■ SUPPLIED ENTRIES
+--

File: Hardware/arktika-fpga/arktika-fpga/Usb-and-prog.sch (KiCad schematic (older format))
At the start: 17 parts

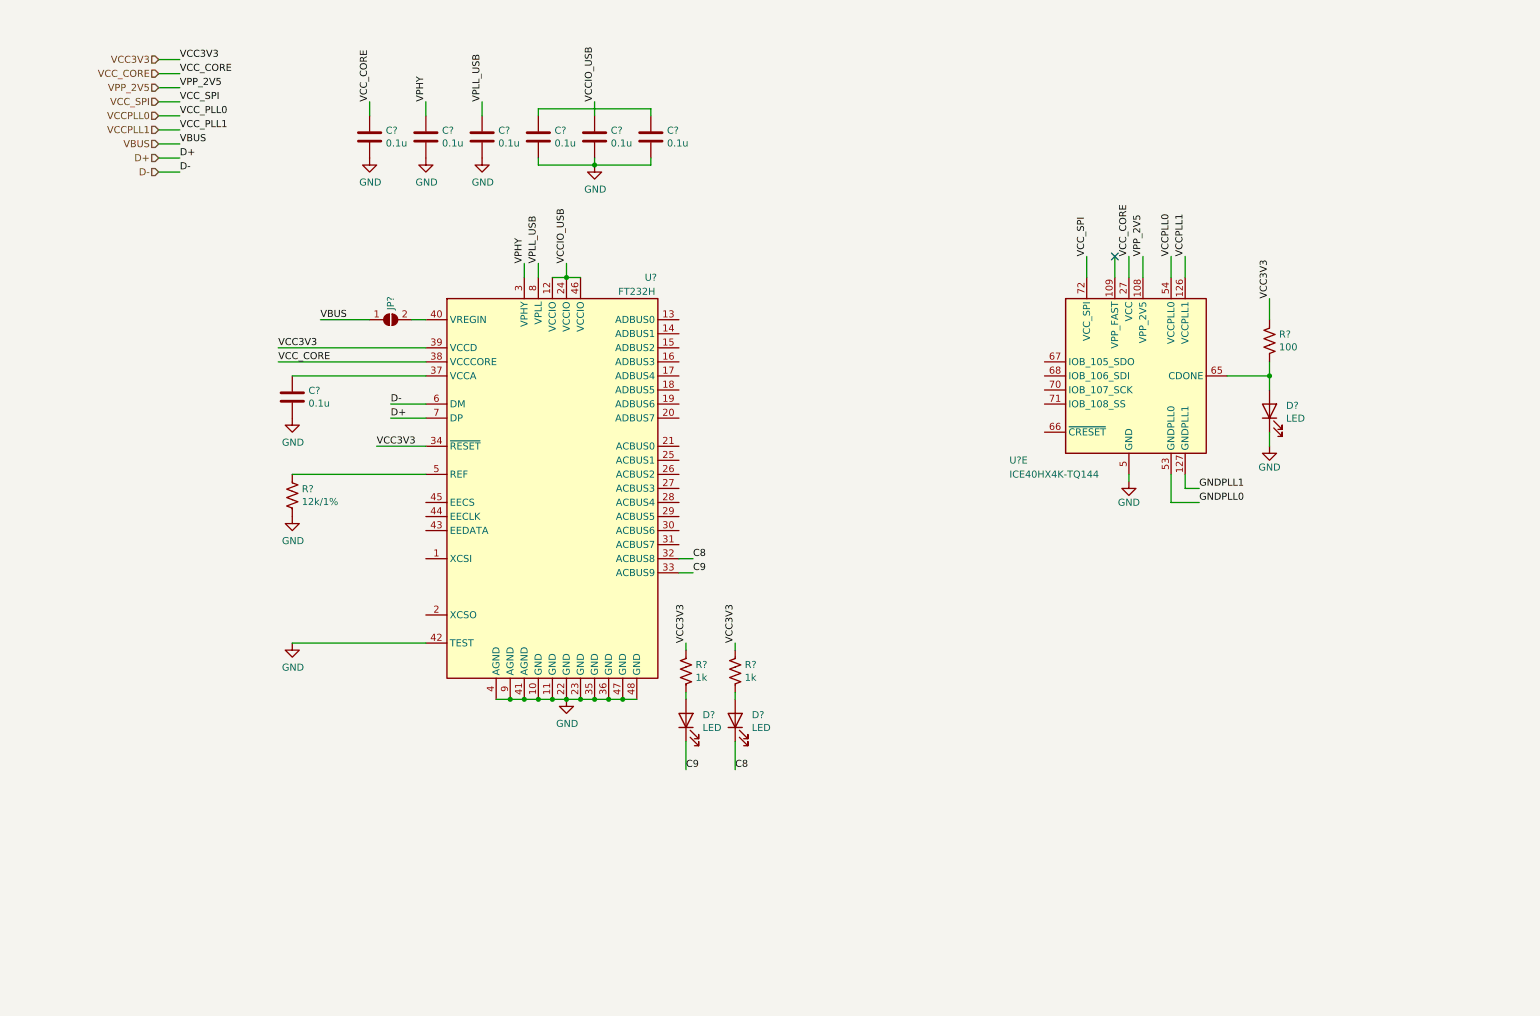
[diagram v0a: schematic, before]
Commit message: Added configuration for power regulation and programming nets
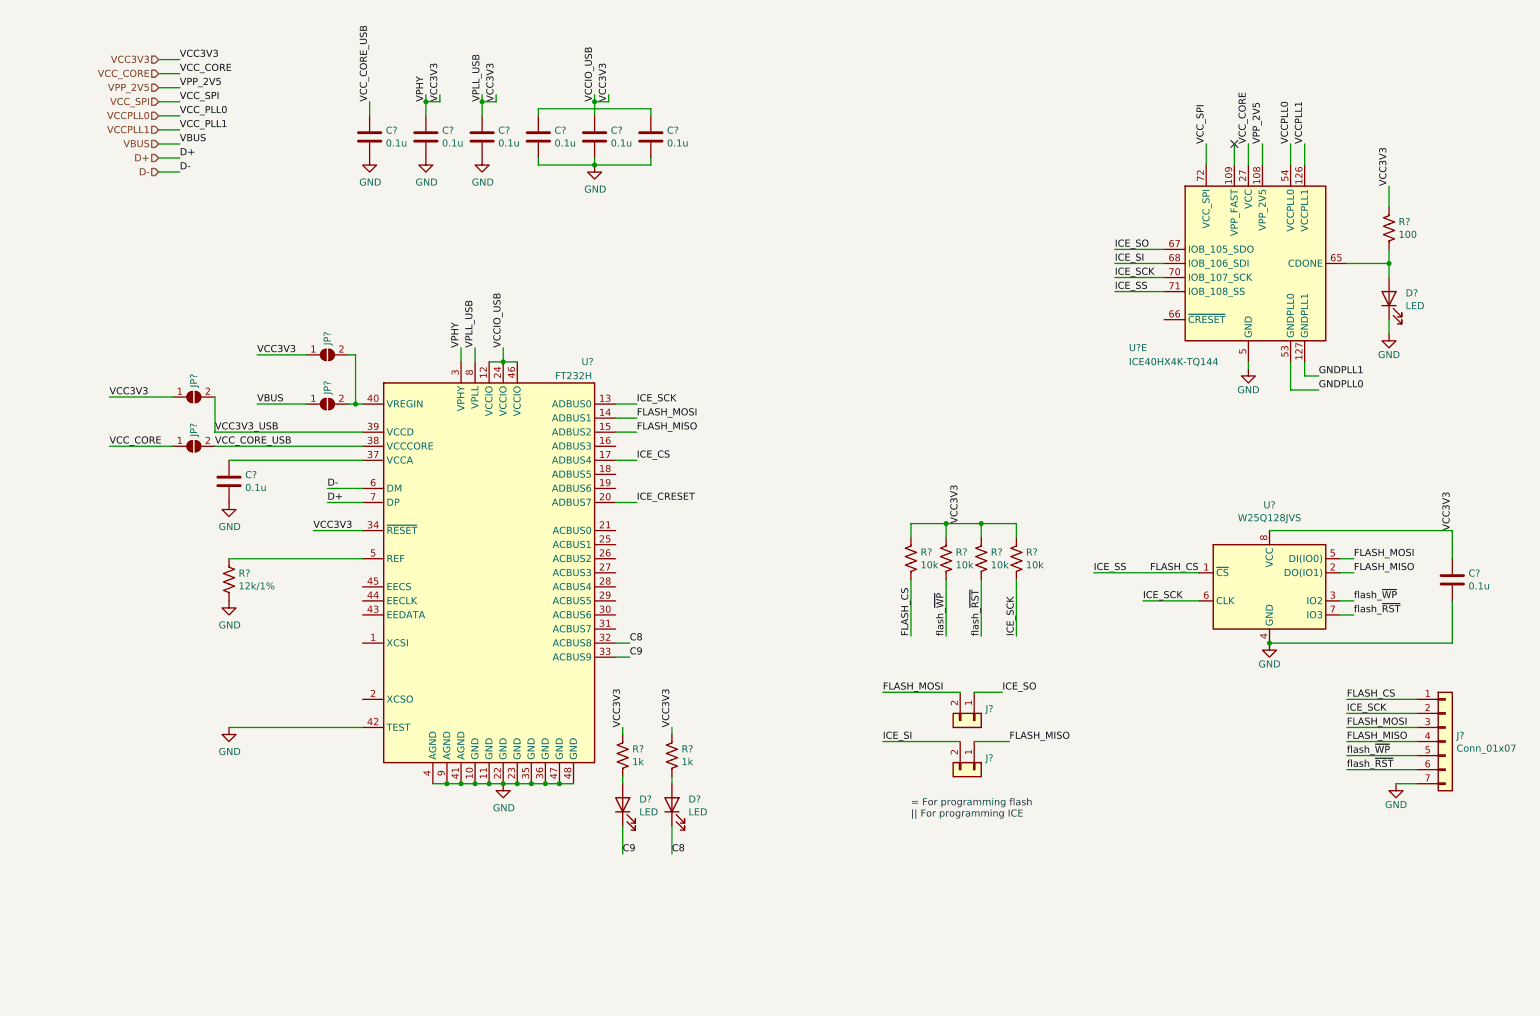
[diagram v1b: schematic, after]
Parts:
- added C?: 0.1u, symbol Device:C
- added J? (x2): Conn_01x02, symbol Connector_Generic:Conn_01x02
- added J?: Conn_01x07, symbol Connector_Generic:Conn_01x07
- added JP? (x3): SolderJumper_2_Open, symbol Jumper:SolderJumper_2_Open
- added R? (x4): 10k, symbol Device:R_US
- added U?: W25Q128JVS, Package_SO:SOIC-8_5.23x5.23mm_P1.27mm, symbol Memory_Flash:W25Q128JVS
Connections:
- net labels added: FLASH_CS, FLASH_MISO, FLASH_MOSI, ICE_CRESET, ICE_CS, ICE_SCK, ICE_SI, ICE_SO, ICE_SS, VCC3V3_USB, VCC_CORE_USB, flash_~RST, flash_~WP
- wire segments 70 -> 127
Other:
- note added: "= For programming flash\n|| For programming ICE\n"
- moved on the sheet: C?, D?, JP?, R?, U?, U?E

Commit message: Added misc components to the usb and prog schematic
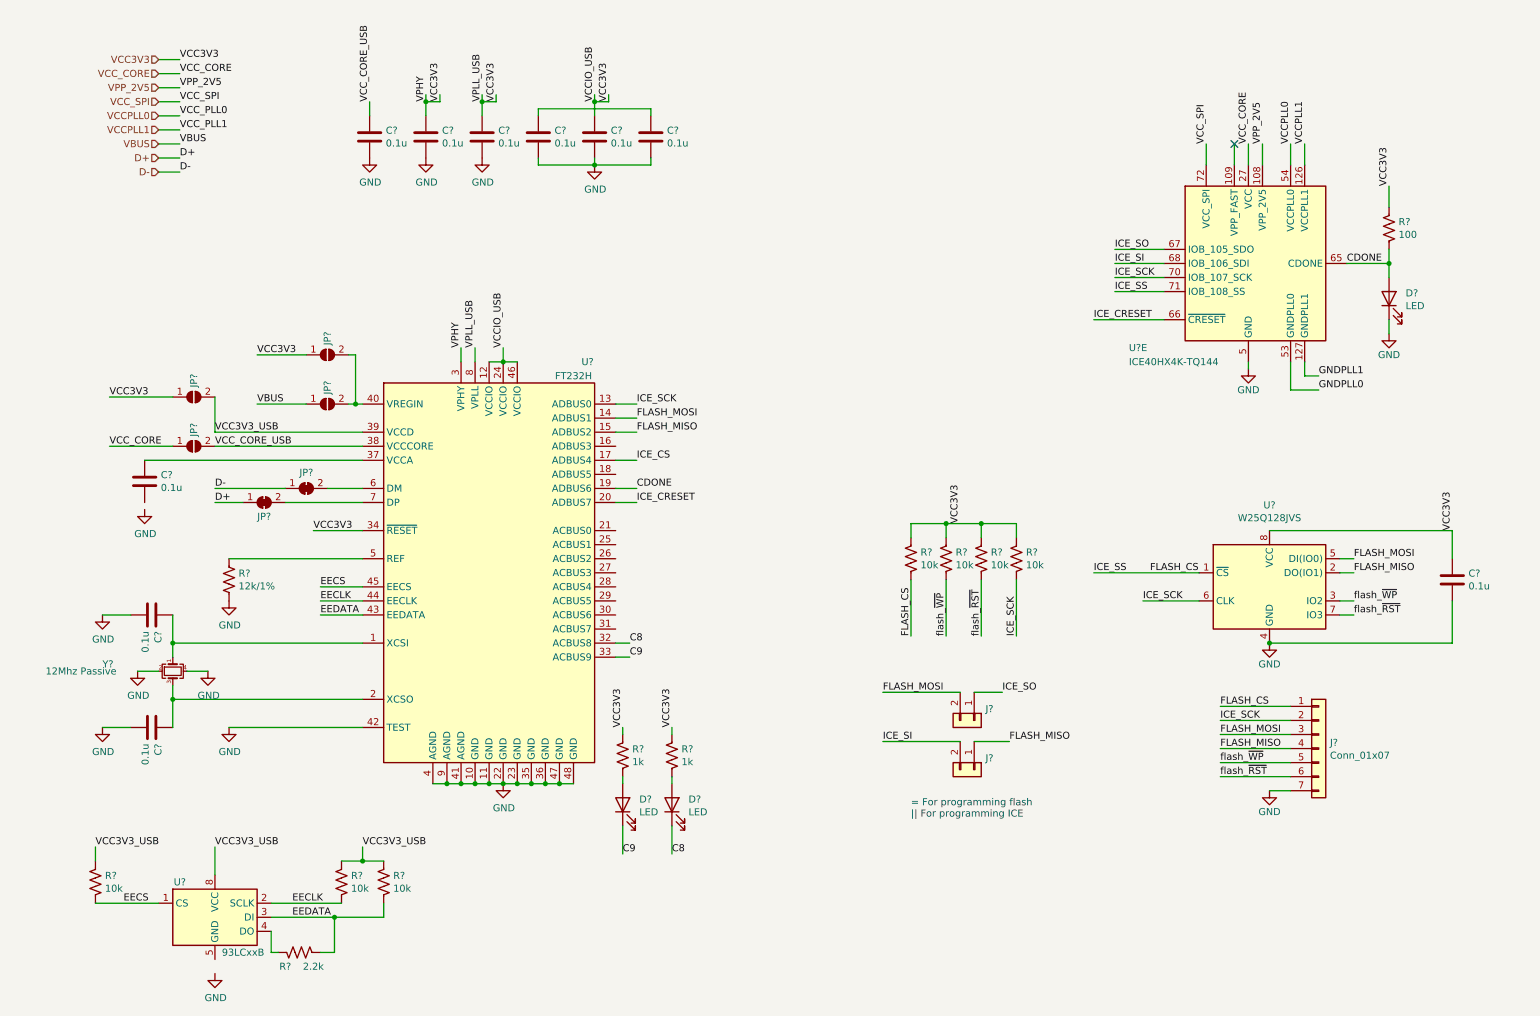
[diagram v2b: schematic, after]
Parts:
- added C? (x2): 0.1u, symbol Device:C
- added JP? (x2): SolderJumper_2_Bridged, symbol Jumper:SolderJumper_2_Bridged
- added R?: 2.2k, symbol Device:R_US
- added R? (x3): 10k, symbol Device:R_US
- added U?: 93LCxxB, symbol Memory_EEPROM:93LCxxB
- added Y?: 12Mhz Passive, Crystals:Crystal_SMD_3225-4pin_3.2x2.5mm_HandSoldering, symbol Device:Crystal_GND24_Small
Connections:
- net labels added: CDONE, EECLK, EECS, EEDATA
- wire segments 127 -> 158
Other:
- moved on the sheet: C?, J?

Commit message: Added designators, some io, and some peripherals
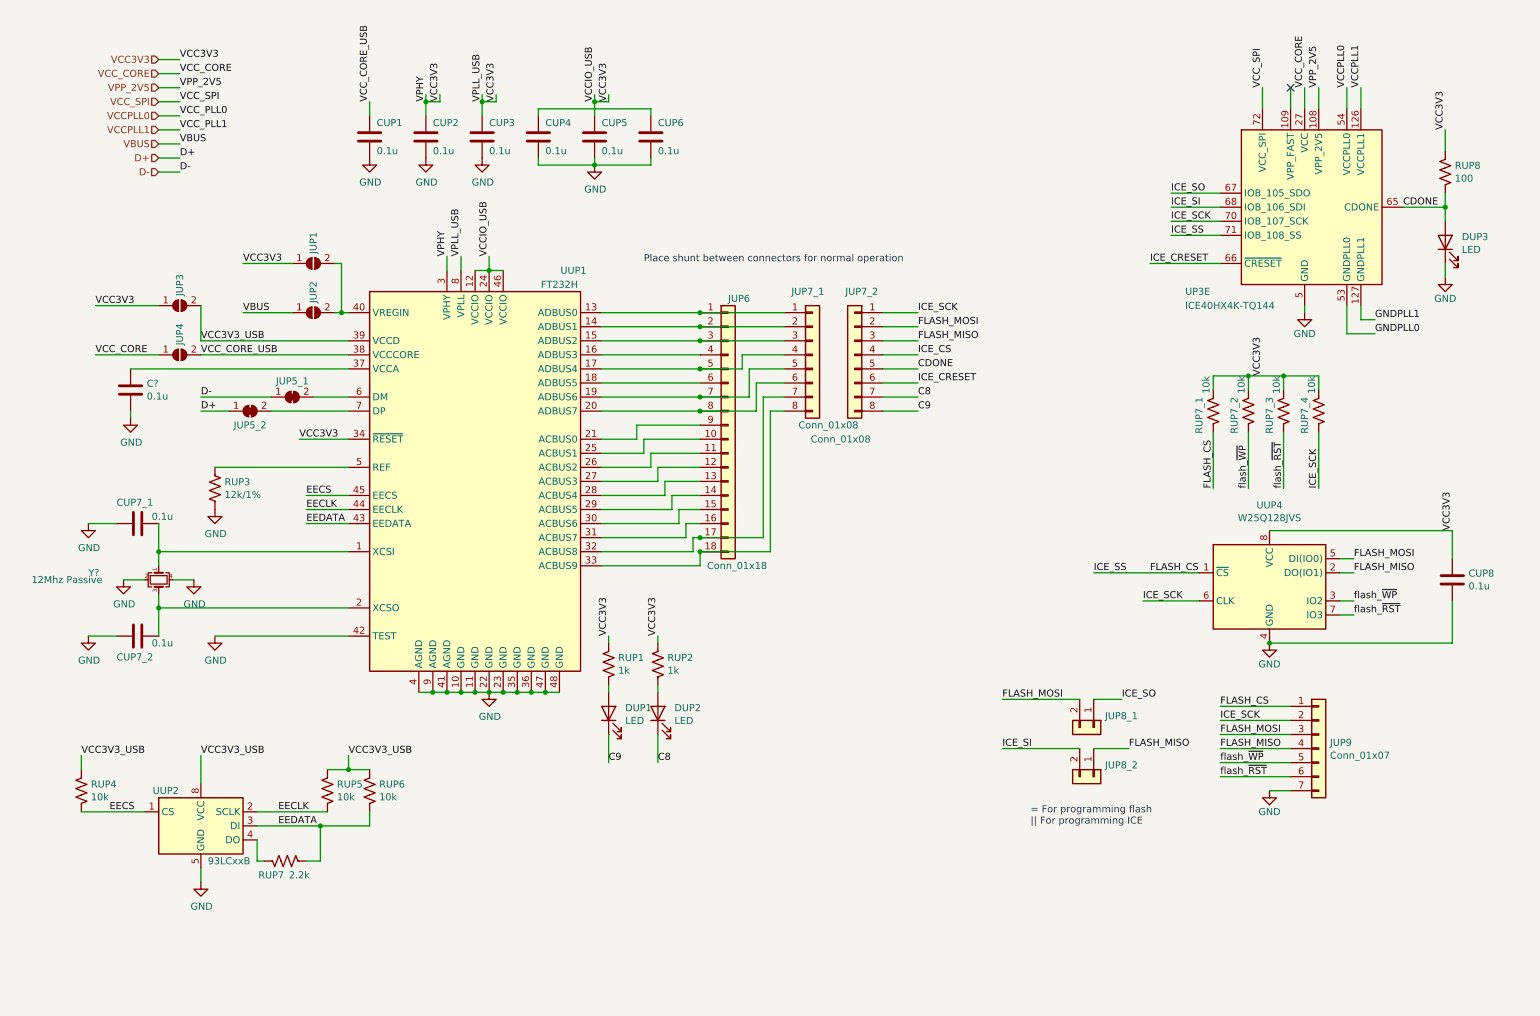
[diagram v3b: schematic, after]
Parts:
- added JUP6: Conn_01x18, symbol Connector_Generic:Conn_01x18
- added JUP7_1, JUP7_2: Conn_01x08, symbol Connector_Generic:Conn_01x08
- gave numbers to parts that had none: 37
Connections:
- wire segments 158 -> 215
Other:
- note added: "Place shunt between connectors for normal operation\n"
- moved on the sheet: C?, CUP7_1, CUP7_2, DUP1, DUP2, DUP3, JUP1, JUP2, JUP3, JUP4, JUP5_1, JUP5_2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

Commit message: Assigned some footprints to components
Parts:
- CUP1, CUP2, CUP3, CUP4, CUP5, CUP6, CUP7_1, CUP7_2, CUP8: footprint (none) -> Capacitors_SMD:C_0603
- RUP1, RUP2, RUP3, RUP4, RUP5, RUP6, RUP7: footprint (none) -> Resistors_SMD:R_0603
- RUP8: value 100 -> 1k; footprint (none) -> Resistors_SMD:R_0603
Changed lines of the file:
@@
 AR Path="/5F415705/5F448AB1" Ref="RUP8"  Part="1"
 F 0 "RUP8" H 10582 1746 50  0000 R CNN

+--

■ WHAT IS BEING ASKED
Could the data above be reproduced exactly, with the pictures left out?

■ PROBLEM SOLUTION
File: Hardware/arktika-fpga/arktika-fpga/Usb-and-prog.sch (KiCad schematic (older format))
At the start: 17 parts

[diagram v0a: schematic, before]
Commit message: Added configuration for power regulation and programming nets
[diagram v1b: schematic, after]
Parts:
- added C?: 0.1u, symbol Device:C
- added J? (x2): Conn_01x02, symbol Connector_Generic:Conn_01x02
- added J?: Conn_01x07, symbol Connector_Generic:Conn_01x07
- added JP? (x3): SolderJumper_2_Open, symbol Jumper:SolderJumper_2_Open
- added R? (x4): 10k, symbol Device:R_US
- added U?: W25Q128JVS, Package_SO:SOIC-8_5.23x5.23mm_P1.27mm, symbol Memory_Flash:W25Q128JVS
Connections:
- net labels added: FLASH_CS, FLASH_MISO, FLASH_MOSI, ICE_CRESET, ICE_CS, ICE_SCK, ICE_SI, ICE_SO, ICE_SS, VCC3V3_USB, VCC_CORE_USB, flash_~RST, flash_~WP
- wire segments 70 -> 127
Other:
- note added: "= For programming flash\n|| For programming ICE\n"
- moved on the sheet: C?, D?, JP?, R?, U?, U?E

Commit message: Added misc components to the usb and prog schematic
[diagram v2b: schematic, after]
Parts:
- added C? (x2): 0.1u, symbol Device:C
- added JP? (x2): SolderJumper_2_Bridged, symbol Jumper:SolderJumper_2_Bridged
- added R?: 2.2k, symbol Device:R_US
- added R? (x3): 10k, symbol Device:R_US
- added U?: 93LCxxB, symbol Memory_EEPROM:93LCxxB
- added Y?: 12Mhz Passive, Crystals:Crystal_SMD_3225-4pin_3.2x2.5mm_HandSoldering, symbol Device:Crystal_GND24_Small
Connections:
- net labels added: CDONE, EECLK, EECS, EEDATA
- wire segments 127 -> 158
Other:
- moved on the sheet: C?, J?

Commit message: Added designators, some io, and some peripherals
[diagram v3b: schematic, after]
Parts:
- added JUP6: Conn_01x18, symbol Connector_Generic:Conn_01x18
- added JUP7_1, JUP7_2: Conn_01x08, symbol Connector_Generic:Conn_01x08
- gave numbers to parts that had none: 37
Connections:
- wire segments 158 -> 215
Other:
- note added: "Place shunt between connectors for normal operation\n"
- moved on the sheet: C?, CUP7_1, CUP7_2, DUP1, DUP2, DUP3, JUP1, JUP2, JUP3, JUP4, JUP5_1, JUP5_2

Commit message: Assigned some footprints to components
Parts:
- CUP1, CUP2, CUP3, CUP4, CUP5, CUP6, CUP7_1, CUP7_2, CUP8: footprint (none) -> Capacitors_SMD:C_0603
- RUP1, RUP2, RUP3, RUP4, RUP5, RUP6, RUP7: footprint (none) -> Resistors_SMD:R_0603
- RUP8: value 100 -> 1k; footprint (none) -> Resistors_SMD:R_0603
Changed lines of the file:
@@
 AR Path="/5F415705/5F448AB1" Ref="RUP8"  Part="1"
 F 0 "RUP8" H 10582 1746 50  0000 R CNN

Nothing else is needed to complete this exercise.